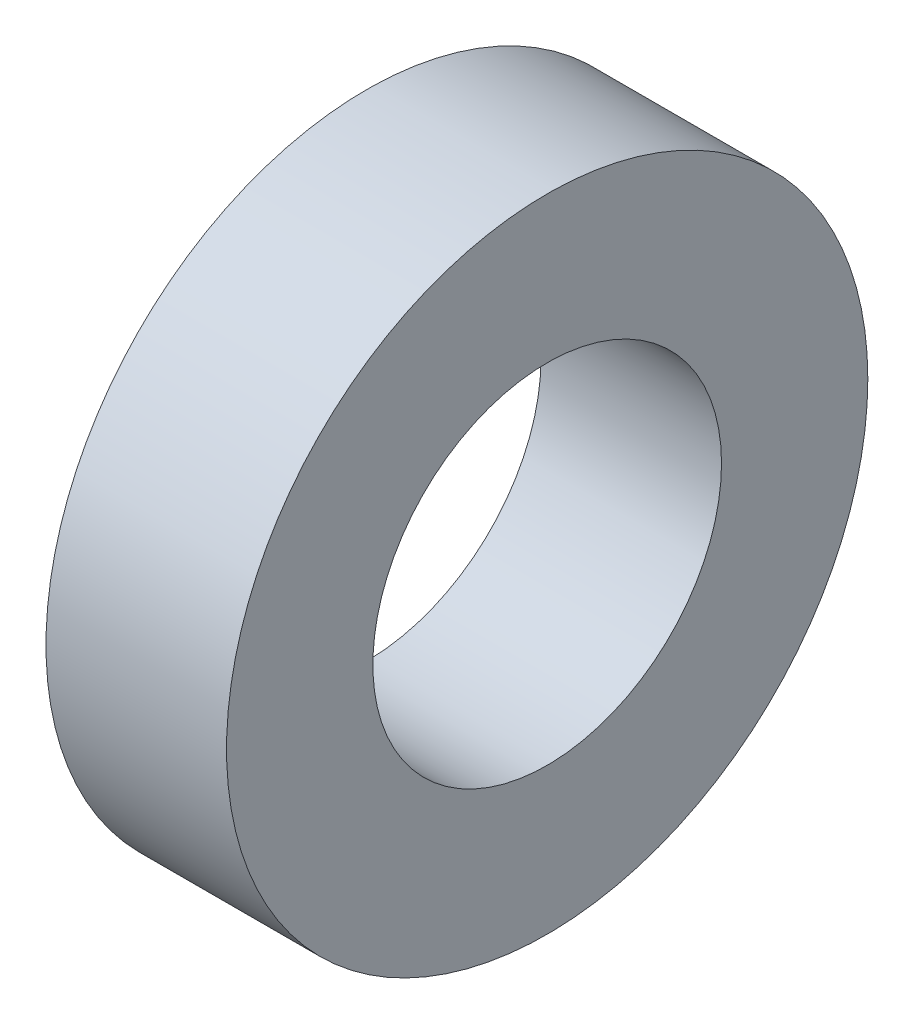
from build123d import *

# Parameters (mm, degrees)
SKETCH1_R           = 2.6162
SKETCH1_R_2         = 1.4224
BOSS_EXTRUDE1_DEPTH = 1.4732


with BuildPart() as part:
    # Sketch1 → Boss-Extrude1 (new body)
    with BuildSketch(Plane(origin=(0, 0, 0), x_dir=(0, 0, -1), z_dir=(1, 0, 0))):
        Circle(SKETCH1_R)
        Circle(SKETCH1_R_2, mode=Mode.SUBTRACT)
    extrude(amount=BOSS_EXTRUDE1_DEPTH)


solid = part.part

# Directions for this task
Produce a verbatim copy of all records, minus pictures.

# Task result
from build123d import *

# Parameters (mm, degrees)
SKETCH1_R           = 2.6162
SKETCH1_R_2         = 1.4224
BOSS_EXTRUDE1_DEPTH = 1.4732


with BuildPart() as part:
    # Sketch1 → Boss-Extrude1 (new body)
    with BuildSketch(Plane(origin=(0, 0, 0), x_dir=(0, 0, -1), z_dir=(1, 0, 0))):
        Circle(SKETCH1_R)
        Circle(SKETCH1_R_2, mode=Mode.SUBTRACT)
    extrude(amount=BOSS_EXTRUDE1_DEPTH)


solid = part.part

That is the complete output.